The mortgage paydown’s unique advantage: Guaranteed return, zero risk
| Mortgage Paydown Advantage | Details |
|---|---|
| Guaranteed return | Equal to your mortgage rate — no market risk |
| Psychological benefit | Becoming mortgage-free is a powerful feeling of security |
| Reduced mandatory expenses | Once paid off, your monthly housing cost drops dramatically |
| Protection against rate increases | Paying down faster reduces exposure at renewal |
| No sequence-of-returns risk | You won’t lose value in a market crash |
For risk-averse Canadians, the certainty of mortgage paydown has real value beyond the raw math.
Decision framework
| Your Situation | Recommendation |
|---|---|
| Mortgage rate < 4%, unused TFSA room | TFSA first — easy decision |
| Mortgage rate 4–5%, long time horizon (15+ years) | TFSA first — returns likely exceed mortgage rate |
| Mortgage rate 5–6%, 10+ year horizon | Hybrid — maximize TFSA room, then extra mortgage payments |
| Mortgage rate > 6% | Mortgage first — guaranteed high return is compelling |
| Significant unused TFSA room ($20K+) | TFSA first — capture the room before it’s wasted |
| TFSA already maxed | Mortgage paydown — or consider RRSP/FHSA |
| Approaching renewal at higher rate | Mortgage paydown — reduce the balance before the rate increases |
| Risk-averse / values being debt-free | Mortgage paydown — the guaranteed return matches your temperament |
| Comfortable with market volatility, long horizon | TFSA first — maximize tax-free compounding |
The hybrid strategy (often the best answer)
| Step | Action | Why |
|---|---|---|
| 1 | Maximize TFSA annual contribution ($7,000) | Capture scarce tax-free room |
| 2 | If employer RRSP match exists, contribute enough to get the full match | Free money — guaranteed 50–100% return |
| 3 | If FHSA-eligible, contribute $8,000/year | Tax deduction + tax-free growth + tax-free withdrawal |
| 4 | Direct remaining surplus to mortgage prepayment | Guaranteed return, reduces debt |
Hybrid example: $1,500/month surplus
| Allocation | Monthly | Annual | Purpose |
|---|---|---|---|
| TFSA | $583 | $7,000 | Tax-free compounding |
| Mortgage prepayment | $917 | $11,000 | Guaranteed return; early payoff |
Result after 25 years (assuming 7% TFSA return, 5% mortgage):
- TFSA portfolio: ~$405,000 (tax-free)
- Mortgage paid off approximately 8 years early
- Total interest saved: ~$72,000
- Combined net wealth gain: ~$477,000
This beats both the pure TFSA approach and the pure mortgage paydown approach by capturing the best of both.

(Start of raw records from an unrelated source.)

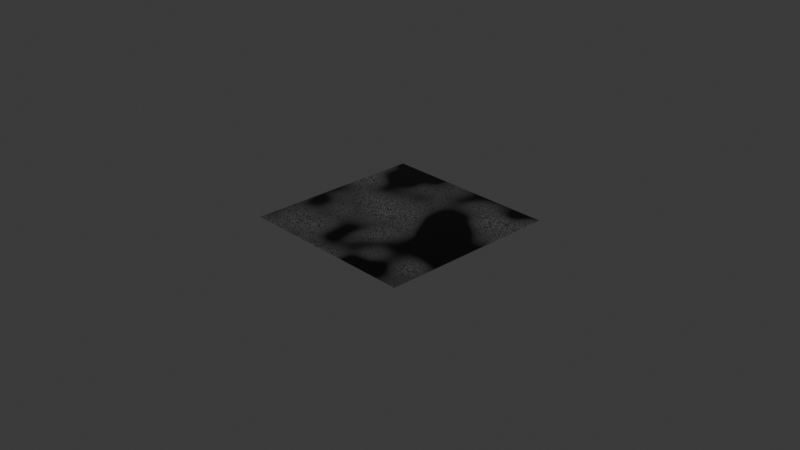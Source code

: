 # Source: wet_concrete.blend  (saved by Blender 5.0.119; exported with 4.5.12 LTS)
import bpy
from mathutils import Matrix  # noqa: F401  (used for matrix-valued properties, if any)

bpy.ops.wm.read_factory_settings(use_empty=True)
scene = bpy.context.scene
scene.name = 'Scene'

# ---- collections
col_collection = bpy.data.collections.new('Collection'); scene.collection.children.link(col_collection)

# ---- materials (node trees are filled in below, after node groups)
mat_wet_asphalt = bpy.data.materials.new('wet asphalt')

# ---- material node trees
mat_wet_asphalt.use_nodes = True; mat_wet_asphalt.node_tree.nodes.clear()
_N = mat_wet_asphalt.node_tree.nodes; _L = mat_wet_asphalt.node_tree.links
n0 = _N.new('ShaderNodeBsdfPrincipled'); n0.name = 'Principled BSDF'; n0.location = (201, 115)
n0.inputs[1].default_value = 0.33
n0.inputs[4].default_value = 1.45
n1 = _N.new('ShaderNodeOutputMaterial'); n1.name = 'Material Output'; n1.location = (550, 128)
n2 = _N.new('ShaderNodeTexVoronoi'); n2.name = 'Voronoi Texture'; n2.location = (-949, 173)
n2.width = 155
n2.feature = 'DISTANCE_TO_EDGE'
n2.inputs[2].default_value = 51.7
n3 = _N.new('ShaderNodeTexNoise'); n3.name = 'Noise Texture'; n3.location = (-949, -103)
n3.width = 145
n3.inputs[2].default_value = 12.0
n4 = _N.new('ShaderNodeMix'); n4.name = 'Mix'; n4.location = (-407, 125)
n4.data_type = 'RGBA'
n5 = _N.new('ShaderNodeTexCoord'); n5.name = 'Texture Coordinate'; n5.location = (-1515, -53)
n6 = _N.new('ShaderNodeBump'); n6.name = 'Bump'; n6.location = (-4, -101)
n7 = _N.new('ShaderNodeMapping'); n7.name = 'Mapping'; n7.location = (-1209, 53)
n8 = _N.new('ShaderNodeValToRGB'); n8.name = 'Color Ramp'; n8.location = (-730, 356)
while len(n8.color_ramp.elements) > 1: n8.color_ramp.elements.remove(n8.color_ramp.elements[-1])
n8.color_ramp.elements[0].position = 0.3773; n8.color_ramp.elements[0].color = (0.01238, 0.01238, 0.01238, 1.0)
_e = n8.color_ramp.elements.new(0.7); _e.color = (0.1033, 0.1033, 0.1033, 1.0)
n9 = _N.new('ShaderNodeTexNoise'); n9.name = 'Noise Texture.001'; n9.location = (-938, 474)
n9.width = 145
n9.inputs[2].default_value = 26.9
n10 = _N.new('ShaderNodeTexNoise'); n10.name = 'Noise Texture.002'; n10.location = (-946, -400)
n10.width = 145
n10.inputs[2].default_value = 0.8
n11 = _N.new('ShaderNodeMapping'); n11.name = 'Mapping.001'; n11.location = (-1217, -360)
n12 = _N.new('ShaderNodeValToRGB'); n12.name = 'Color Ramp.001'; n12.location = (-680, -241)
while len(n12.color_ramp.elements) > 1: n12.color_ramp.elements.remove(n12.color_ramp.elements[-1])
n12.color_ramp.elements[0].position = 0.4818; n12.color_ramp.elements[0].color = (0.0, 0.0, 0.0, 1.0)
_e = n12.color_ramp.elements.new(0.7727); _e.color = (1.0, 1.0, 1.0, 1.0)
n13 = _N.new('ShaderNodeMix'); n13.name = 'Mix.001'; n13.location = (-177, 128)
n13.data_type = 'RGBA'
n13.blend_type = 'DARKEN'
n13.inputs[0].default_value = 1.0
n14 = _N.new('ShaderNodeMix'); n14.name = 'Mix.002'; n14.location = (-210, -196)
n14.data_type = 'RGBA'
n14.blend_type = 'MULTIPLY'
n14.inputs[0].default_value = 1.0
_L.new(n0.outputs[0], n1.inputs[0])
_L.new(n2.outputs[0], n4.inputs[6])
_L.new(n3.outputs[0], n4.inputs[7])
_L.new(n7.outputs[0], n2.inputs[0])
_L.new(n7.outputs[0], n3.inputs[0])
_L.new(n5.outputs[3], n7.inputs[0])
_L.new(n9.outputs[0], n8.inputs[0])
_L.new(n7.outputs[0], n9.inputs[0])
_L.new(n8.outputs[0], n4.inputs[0])
_L.new(n11.outputs[0], n10.inputs[0])
_L.new(n5.outputs[3], n11.inputs[0])
_L.new(n10.outputs[1], n12.inputs[0])
_L.new(n13.outputs[2], n0.inputs[0])
_L.new(n4.outputs[2], n13.inputs[6])
_L.new(n12.outputs[0], n13.inputs[7])
_L.new(n14.outputs[2], n6.inputs[3])
_L.new(n12.outputs[0], n14.inputs[7])
_L.new(n4.outputs[2], n14.inputs[6])
_L.new(n12.outputs[0], n0.inputs[2])
_L.new(n6.outputs[0], n0.inputs[5])
n1.is_active_output = True

# ---- world
world_world = bpy.data.worlds.new('World'); scene.world = world_world
world_world.use_nodes = True; world_world.node_tree.nodes.clear()
_N = world_world.node_tree.nodes; _L = world_world.node_tree.links
n0 = _N.new('ShaderNodeOutputWorld'); n0.name = 'World Output'; n0.location = (200, 100)
n1 = _N.new('ShaderNodeBackground'); n1.name = 'Background'; n1.location = (-200, 100)
n1.inputs[0].default_value = (0.05088, 0.05088, 0.05088, 1.0)
_L.new(n1.outputs[0], n0.inputs[0])
n0.is_active_output = True
world_world.color = (0.05088, 0.05088, 0.05088)
world_world.sun_shadow_jitter_overblur = 0.0

# ---- cameras
cam_camera = bpy.data.cameras.new('Camera')
cam_camera.clip_end = 100.0
cam_camera.ortho_scale = 7.314

# ---- lights
light_sun = bpy.data.lights.new('Sun', 'SUN')
light_sun.energy = 1.0

# ---- meshes
me_plane = bpy.data.meshes.new('Plane')
me_plane.from_pydata([(-1.0, -1.0, 0.0), (1.0, -1.0, 0.0), (-1.0, 1.0, 0.0), (1.0, 1.0, 0.0)], [], [(0, 1, 3, 2)])
_uv = me_plane.uv_layers.new(name='UVMap')
_uv.uv.foreach_set('vector', [0.0, 0.0, 1.0, 0.0, 1.0, 1.0, 0.0, 1.0])
me_plane.materials.append(mat_wet_asphalt)
me_plane.update()

# ---- objects
ob_camera = bpy.data.objects.new('Camera', cam_camera)
ob_plane = bpy.data.objects.new('Plane', me_plane)
ob_sun = bpy.data.objects.new('Sun', light_sun)

# ---- transforms, parenting, visibility, modifiers, constraints
ob_camera.location = (7.359, -6.926, 4.958)
ob_camera.rotation_euler = (1.109, 0.0, 0.8149)
ob_camera.lock_rotations_4d = False
ob_camera.empty_display_type = 'ARROWS'
ob_camera.color = (0.0, 0.0, 0.0, 0.0)
ob_camera.display_type = 'WIRE'
ob_camera.lineart.crease_threshold = 0.0
ob_plane.location = (0.0, 0.0, 0.0)
ob_plane.scale = (1.0, 1.0, 1.0)
ob_sun.location = (-0.2291, 2.203, -0.09955)

# ---- collection membership
col_collection.objects.link(ob_camera)
col_collection.objects.link(ob_plane)
col_collection.objects.link(ob_sun)

# ---- scene / render settings (as saved in the file)
scene.camera = ob_camera
scene.frame_start = 1; scene.frame_end = 250; scene.frame_set(1)
scene.render.engine = 'BLENDER_EEVEE_NEXT'
scene.render.bake_bias = 0.0
scene.render.bake_samples = 0
scene.cycles.sampling_pattern = 'TABULATED_SOBOL'
scene.eevee.use_volume_custom_range = False
bpy.context.view_layer.update()

TFSA vs mortgage vs RRSP: Priority order
| Priority | Account | Why |
|---|---|---|
| 1 | FHSA (if eligible) | Tax deduction + tax-free growth + tax-free withdrawal — best account in Canada |
| 2 | TFSA (if unused room) | Tax-free compounding; limited room |
| 3 | RRSP (if employer match) | Guaranteed return from match |
| 4 | Mortgage prepayment | Guaranteed return equal to mortgage rate |
| 5 | RRSP (no match) | Tax-deferred growth |
| 6 | Non-registered investing | Growth is taxable |
This priority order assumes a mortgage rate of 4–6% and a long investment horizon. Adjust if your mortgage rate is exceptionally high or you are close to retirement.